La francophonie, langue d’avenir
Les élites africaines, ayant la langue française en partage, notamment du Sénégal, de Tunisie, du Niger, sont à l'origine de la création de la francophonie, voulue comme un espace d'échanges, de dialogue, et de diffusion des cultures. On peut considérer que l’Afrique francophone sub-saharienne comprend potentiellement 154 millions de personnes et comprendra au milieu du siècle actuel 400 millions de personnes, compte-tenu de l’explosion de la démographie en Afrique francophone comme dans le reste de l’Afrique. Par ailleurs au moment où l'éducation se développe, non dans la langue vernaculaire, mais dans la langue nationale qui est le français, il est certain que le français va exploser dans tous les pays d’Afrique francophone. La francophonie a toujours été et reste, même si elle peut être menacée ici ou là, un élément de cohésion nationale pour des Etats qui seraient autrement artificiels et écartelés par des différences ethnolinguistiques. Elle est un élément essentiel de l'unité nationale de chacun des Etats dits francophones et la solidité de ces Etats réside dans le choix d'une langue qui ne soit pas celles l'une des milliers d’ethnies qui peuplent le continent.
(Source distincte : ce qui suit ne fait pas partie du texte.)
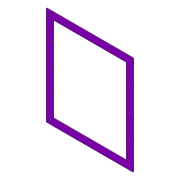
# Autodesk Inventor part: enclosureFloorFlange
Saved by Autodesk Inventor 2017 (Build 210142000, 142)
## iProperties
Created: 2016-11-30
Part Number: enclosureFloorFlange
Material: Generic
Document SubType Name: Modeling
Designer: krosie
Density: 1 g/cm^3
Appearance: Default
Author: krosie
Autodesk Inventor part; units mm, degrees
ref_plane "YZ Plane" through (0, 0, 0) normal (1, 0, 0) x (0, 1, 0)
ref_plane "XZ Plane" through (0, 0, 0) normal (0, 1, 0) x (-1, 0, 0)
ref_plane "XY Plane" through (0, 0, 0) normal (0, 0, 1) x (1, 0, 0)
sketch "Sketch1" plane through (0, 0, 0) normal (0, 1, 0) x (-1, 0, 0)
  line L0 (-363.3, 419.1) -> (363.3, 419.1)
  line L1 (368.3, 414.1) -> (368.3, -414.1)
  line L2 (363.3, -419.1) -> (-363.3, -419.1)
  line L3 (-368.3, -414.1) -> (-368.3, 414.1)
  line L4 (-368.3, 419.1) -> (368.3, -419.1) construction
  line L5 (368.3, 419.1) -> (-368.3, -419.1) construction
  line L6 (303.3, 359.1) -> (-303.3, 359.1)
  line L7 (-308.3, 354.1) -> (-308.3, -354.1)
  line L8 (-303.3, -359.1) -> (303.3, -359.1)
  line L9 (308.3, -354.1) -> (308.3, 354.1)
  arc A0 (308.3, 354.1) -> (303.3, 359.1) centre (303.3, 354.1) ccw
  arc A1 (303.3, -359.1) -> (308.3, -354.1) centre (303.3, -354.1) ccw
  arc A2 (-303.3, 359.1) -> (-308.3, 354.1) centre (-303.3, 354.1) ccw
  arc A3 (-308.3, -354.1) -> (-303.3, -359.1) centre (-303.3, -354.1) ccw
  arc A4 (368.3, 414.1) -> (363.3, 419.1) centre (363.3, 414.1) ccw
  arc A5 (-363.3, 419.1) -> (-368.3, 414.1) centre (-363.3, 414.1) ccw
  arc A6 (-368.3, -414.1) -> (-363.3, -419.1) centre (-363.3, -414.1) ccw
  arc A7 (363.3, -419.1) -> (368.3, -414.1) centre (363.3, -414.1) ccw
  point P0 (0, 0)
  dimension "d0" = 736.6
  dimension "d1" = 838.2
  dimension "d2" = 60
  dimension "d4" = 5
  constraints: 20 end point, 16 point on circle, 16 tangent, 8 centre point, 8 point on line, 7 equal radius, 4 parallel, 2 midpoint, 2 perpendicular, 1 horizontal, 3 other
  measures "d0" distance of L4.end L5.end
  measures "d1" distance of L5.start L4.end
  measures "d2" distance between parallel lines of L0 L6
  measures "d4" radius of A0
extrude "Extrusion1" add sketch "Sketch1" along normal blind 5
sketch "Sketch2" plane through (0, 5, 0) normal (0, 1, 0) x (1, 0, 0)
  circle A0 centre (-334, 384.8) radius 6 projected
  circle A1 centre (-250.5, 384.8) radius 6 projected
  circle A2 centre (-167, 384.8) radius 6 projected
  circle A3 centre (-83.5, 384.8) radius 6 projected
  circle A4 centre (0, 384.8) radius 6 projected
  circle A5 centre (83.5, 384.8) radius 6 projected
  circle A6 centre (-334, 288.6) radius 6 projected
  circle A7 centre (-334, 96.2) radius 6 projected
  circle A8 centre (-334, -96.2) radius 6 projected
  circle A9 centre (-334, -192.4) radius 6 projected
  circle A10 centre (-334, -288.6) radius 6 projected
  circle A11 centre (-334, -384.8) radius 6 projected
  circle A12 centre (-334, 0) radius 6 projected
  circle A13 centre (-334, 192.4) radius 6 projected
  circle A14 centre (-250.5, -384.8) radius 6 projected
  circle A15 centre (-167, -384.8) radius 6 projected
  circle A16 centre (-83.5, -384.8) radius 6 projected
  circle A17 centre (0, -384.8) radius 6 projected
  circle A18 centre (83.5, -384.8) radius 6 projected
  circle A19 centre (167, -384.8) radius 6 projected
  circle A20 centre (250.5, -384.8) radius 6 projected
  circle A21 centre (334, -384.8) radius 6 projected
  circle A22 centre (334, -288.6) radius 6 projected
  circle A23 centre (334, -192.4) radius 6 projected
  circle A24 centre (334, -96.2) radius 6 projected
  circle A25 centre (334, 0) radius 6 projected
  circle A26 centre (334, 96.2) radius 6 projected
  circle A27 centre (334, 192.4) radius 6 projected
  circle A28 centre (334, 288.6) radius 6 projected
  circle A29 centre (334, 384.8) radius 6 projected
  circle A30 centre (167, 384.8) radius 6 projected
  circle A31 centre (250.5, 384.8) radius 6 projected
  point P0 (0, 0)
extrude "Extrusion2" cut sketch "Sketch2" against normal up to next contours A0 | A2 | A4 | A9 | A11 | A12 | A13 | A15 | A17 | A19 | A21 | A23 | A25 | A27 | A29 | A30
body "Solid1"
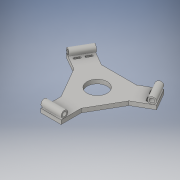
# Autodesk Inventor part: end effector
Saved by Autodesk Inventor 2016 (Build 200138000, 138)
## iProperties
Created: 2016-04-21
Part Number: end effector
Material: Generic
Document SubType Name: Modeling
Designer: Sam
Density: 1 g/cm^3
Appearance: Default
Author: Sam
Autodesk Inventor part; units mm, degrees
ref_plane "YZ Plane" through (0, 0, 0) normal (1, 0, 0) x (0, 1, 0)
ref_plane "XZ Plane" through (0, 0, 0) normal (0, 1, 0) x (-1, 0, 0)
ref_plane "XY Plane" through (0, 0, 0) normal (0, 0, 1) x (1, 0, 0)
sketch "Sketch1" plane through (0, 0, 0) normal (0, 1, 0) x (-1, 0, 0)
  line L0 (-7.5, 19.3301) -> (-7.5, 34.3301)
  line L1 (-7.5, 34.3301) -> (7.5, 34.3301)
  line L2 (7.5, 34.3301) -> (7.5, 19.3301)
  line L3 (20.4904, -3.1699) -> (33.4808, -10.6699)
  line L4 (33.4808, -10.6699) -> (25.9808, -23.6603)
  line L5 (25.9808, -23.6603) -> (12.9904, -16.1603)
  line L6 (-12.9904, -16.1603) -> (-25.9808, -23.6603)
  line L7 (-25.9808, -23.6603) -> (-33.4808, -10.6699)
  line L8 (-33.4808, -10.6699) -> (-20.4904, -3.1699)
  line L9 (7.5, 19.3301) -> (20.4904, -3.1699)
  line L10 (12.9904, -16.1603) -> (-12.9904, -16.1603)
  line L11 (-20.4904, -3.1699) -> (-7.5, 19.3301)
  point P0 (0, 0)
  point P1 (0, 0)
  constraints: 24 end point, 6 perpendicular, 1 coincident, 1 vertical, 1 other
extrude "Extrusion1" add sketch "Sketch1" along normal blind 3
sketch "Sketch2" plane through (0, 3, 0) normal (0, 1, 0) x (1, 0, 0)
  circle A0 centre (0, 0) radius 7.5
  line L0 (33.4808, 10.6699) -> (25.9808, 23.6603) projected
  line L1 (29.7308, 17.1651) -> (35.4808, 17.1651) construction
  line L2 (20.4904, 3.1699) -> (33.4808, 10.6699) projected
  line L3 (25.6261, 12.7745) -> (27.1261, 10.1764) construction
  line L4 (24.9766, 12.3995) -> (26.4766, 9.8014)
  line L5 (27.7756, 10.5514) -> (26.2756, 13.1495)
  arc A1 (26.2756, 13.1495) -> (24.9766, 12.3995) centre (25.6261, 12.7745) ccw
  arc A2 (26.4766, 9.8014) -> (27.7756, 10.5514) centre (27.1261, 10.1764) ccw
  line L6 (23.8761, 15.8056) -> (22.3761, 18.4037) construction
  line L7 (23.2266, 15.4306) -> (21.7266, 18.0287)
  line L8 (23.0256, 18.7787) -> (24.5256, 16.1806)
  arc A3 (23.2266, 15.4306) -> (24.5256, 16.1806) centre (23.8761, 15.8056) ccw
  arc A4 (23.0256, 18.7787) -> (21.7266, 18.0287) centre (22.3761, 18.4037) ccw
  line L9 (-23.2266, 15.4306) -> (-21.7266, 18.0287)
  arc A5 (-21.7266, 18.0287) -> (-23.0256, 18.7787) centre (-22.3761, 18.4037) ccw
  arc A6 (-24.5256, 16.1806) -> (-23.2266, 15.4306) centre (-23.8761, 15.8056) ccw
  line L10 (-23.8761, 15.8056) -> (-22.3761, 18.4037) construction
  line L11 (-23.0256, 18.7787) -> (-24.5256, 16.1806)
  arc A7 (-24.9766, 12.3995) -> (-26.2756, 13.1495) centre (-25.6261, 12.7745) ccw
  line L12 (-24.9766, 12.3995) -> (-26.4766, 9.8014)
  arc A8 (-27.7756, 10.5514) -> (-26.4766, 9.8014) centre (-27.1261, 10.1764) ccw
  line L13 (-27.7756, 10.5514) -> (-26.2756, 13.1495)
  line L14 (-29.7308, 17.1651) -> (-32.6058, 22.1447) construction
  line L15 (-25.6261, 12.7745) -> (-27.1261, 10.1764) construction
  line L16 (-1.75, -27.8301) -> (-4.75, -27.8301)
  arc A9 (-4.75, -27.8301) -> (-4.75, -29.3301) centre (-4.75, -28.5801) ccw
  arc A10 (-1.75, -29.3301) -> (-1.75, -27.8301) centre (-1.75, -28.5801) ccw
  line L17 (-1.75, -28.5801) -> (-4.75, -28.5801) construction
  line L18 (-4.75, -29.3301) -> (-1.75, -29.3301)
  arc A11 (1.75, -27.8301) -> (1.75, -29.3301) centre (1.75, -28.5801) ccw
  line L19 (1.75, -27.8301) -> (4.75, -27.8301)
  arc A12 (4.75, -29.3301) -> (4.75, -27.8301) centre (4.75, -28.5801) ccw
  line L20 (4.75, -29.3301) -> (1.75, -29.3301)
  line L21 (0, -34.3301) -> (-2.875, -39.3098) construction
  line L22 (1.75, -28.5801) -> (4.75, -28.5801) construction
  point P0 (26.3761, 11.4755)
  point P1 (23.1261, 17.1046)
  point P2 (-12.9904, 16.1603)
  point P3 (-23.1261, 17.1046)
  point P4 (-26.3761, 11.4755)
  point P5 (-25.9808, 23.6603)
  point P6 (-33.4808, 10.6699)
  point P7 (-7.5, -19.3301)
  point P8 (-3.25, -28.5801)
  point P9 (3.25, -28.5801)
  point P10 (-7.5, -34.3301)
  point P11 (7.5, -34.3301)
  dimension "d5" = 15
  dimension "d10" = 1.5
  dimension "d11" = 1.5
  dimension "d14" = 360
  constraints: 54 end point, 24 point on circle, 13 centre point, 4 tangent, 2 midpoint, 1 coincident, 1 horizontal, 1 parallel, 91 other
  measures "d5" diameter of A0
  measures "d10" distance of point (26.376, 11.475) L3.end
  measures "d11" diameter of A2
extrude "Extrusion2" cut sketch "Sketch2" against normal blind 3
sketch "Sketch3" plane through (0, 0, 0) normal (1, 0, 0) x (0, 1, 0)
  line L0 (3, 19.3301) -> (3, 34.3301) projected
  circle A0 centre (5.5, 31.8301) radius 2.5
  circle A1 centre (5.5, 31.8301) radius 1.55
  point P0 (0, 0)
  point P1 (3, 29.3301)
  dimension "d19" = 3.1
  constraints: 2 centre point, 1 coincident
  measures "d19" diameter of A1
extrude "Extrusion3" add sketch "Sketch3" along normal mid plane 15
pattern_circular "Circular Pattern1" count 3 over 360 about axis through (0, 3, 0) along (0, -1, 0) of "Extrusion3"
body "Solid1"

Europe et Afrique : en quête de l’origine
La langue française a joué le même rôle dans la consolidation des Etats africains que l'invention de l'imprimerie dans la centralisation de l'État français. De même a-t-elle permis de reconnaître l'immense diversité et richesse culturelle qui existe dans les 2000 langues parlées en Afrique. La langue française est une technique de communication, comme Internet et les autres médias, mais elle ne suffit pas pour autant, comme simple technique, à établir un dialogue, une véritable cohabitation et intercompréhension culturelle. Les visions du monde, que permettent d’échanger une langue commune, sont souvent plus importantes que les dimensions d'outils de communication Or, l'Europe, comme sol de la philosophie grecque et de la métaphysique, et l'Afrique n’ont-ils pas toujours été très proches dans leur questionnement de l’originaire comme tel et la recherche d'un langage essentiel ? L’Afrique et l’Occident ont en commun de penser depuis toujours qu'il existe un rapport réciproque et fondamental entre pensée et langage, le langage d’un peuple à travers lequel s’exprime et se révèle le rapport à l’être. La philosophie européenne, suite au désenchantement qui caractérise les sciences et techniques, n’a eu de cesse de vouloir ranimer la philosophie dans ses sources "présocratiques grecques", à travers le langage poétique conçu comme séjour originaire et patrie de l’être. Et c'est justement ce que poursuivent aujourd’hui bon nombre de penseurs africains en souhaitant édifier une « philosophie africaine » à partir des éléments de discursivité africaine : proverbes, légendes, contes, récits, épopées, mythes (T. Okere, J. Kinyonno, I.P. Laleye, Tshiamalenga Ntumba, F. NKombe Oleko, Mudiji Malamba, A-D Osoongo-Lukadi, B. Okolo Okonda…..). A. Kagame, relevait déjà, dans son ouvrage « La philosophie bantue-rwandaise de l’être » (1956), l’analogie qui existe entre la métaphysique d’Aristote qui se fonde sur la langue grecque et les catégories de la pensée africaine qui se découvrent dans la structure des langues africaines.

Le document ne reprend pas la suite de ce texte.